Exactly as written, reproduce the lines from the one that contains "[diagram v1a: part of the schematic, before]" through the end of the records.
BEGIN Data section
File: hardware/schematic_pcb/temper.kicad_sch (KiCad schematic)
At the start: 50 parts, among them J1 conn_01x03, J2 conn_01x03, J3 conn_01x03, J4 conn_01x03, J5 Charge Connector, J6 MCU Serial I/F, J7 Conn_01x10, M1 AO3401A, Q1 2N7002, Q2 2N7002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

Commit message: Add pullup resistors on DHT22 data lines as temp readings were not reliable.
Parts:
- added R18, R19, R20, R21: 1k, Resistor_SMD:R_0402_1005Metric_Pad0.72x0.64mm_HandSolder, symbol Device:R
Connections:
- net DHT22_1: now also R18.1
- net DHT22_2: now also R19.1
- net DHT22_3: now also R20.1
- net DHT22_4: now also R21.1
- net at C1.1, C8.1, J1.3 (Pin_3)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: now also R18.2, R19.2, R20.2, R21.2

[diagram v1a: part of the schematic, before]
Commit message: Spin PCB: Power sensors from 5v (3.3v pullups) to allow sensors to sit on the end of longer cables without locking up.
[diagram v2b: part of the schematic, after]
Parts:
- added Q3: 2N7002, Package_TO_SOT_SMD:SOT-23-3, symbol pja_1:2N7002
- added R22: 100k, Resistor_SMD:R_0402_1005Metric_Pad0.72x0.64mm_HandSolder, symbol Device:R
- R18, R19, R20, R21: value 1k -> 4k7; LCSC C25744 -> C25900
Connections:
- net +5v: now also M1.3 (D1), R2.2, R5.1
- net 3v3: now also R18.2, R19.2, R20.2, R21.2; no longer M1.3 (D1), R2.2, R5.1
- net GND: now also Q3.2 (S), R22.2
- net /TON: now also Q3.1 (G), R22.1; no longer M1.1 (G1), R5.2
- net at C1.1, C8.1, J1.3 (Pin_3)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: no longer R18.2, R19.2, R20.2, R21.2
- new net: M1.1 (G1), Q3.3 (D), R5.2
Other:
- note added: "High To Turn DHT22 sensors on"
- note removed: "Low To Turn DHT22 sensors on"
END Data section
Expected output:
[diagram v1a: part of the schematic, before]
Commit message: Spin PCB: Power sensors from 5v (3.3v pullups) to allow sensors to sit on the end of longer cables without locking up.
[diagram v2b: part of the schematic, after]
Parts:
- added Q3: 2N7002, Package_TO_SOT_SMD:SOT-23-3, symbol pja_1:2N7002
- added R22: 100k, Resistor_SMD:R_0402_1005Metric_Pad0.72x0.64mm_HandSolder, symbol Device:R
- R18, R19, R20, R21: value 1k -> 4k7; LCSC C25744 -> C25900
Connections:
- net +5v: now also M1.3 (D1), R2.2, R5.1
- net 3v3: now also R18.2, R19.2, R20.2, R21.2; no longer M1.3 (D1), R2.2, R5.1
- net GND: now also Q3.2 (S), R22.2
- net /TON: now also Q3.1 (G), R22.1; no longer M1.1 (G1), R5.2
- net at C1.1, C8.1, J1.3 (Pin_3): no longer R18.2, R19.2, R20.2, R21.2
- new net: M1.1 (G1), Q3.3 (D), R5.2
Other:
- note added: "High To Turn DHT22 sensors on"
- note removed: "Low To Turn DHT22 sensors on"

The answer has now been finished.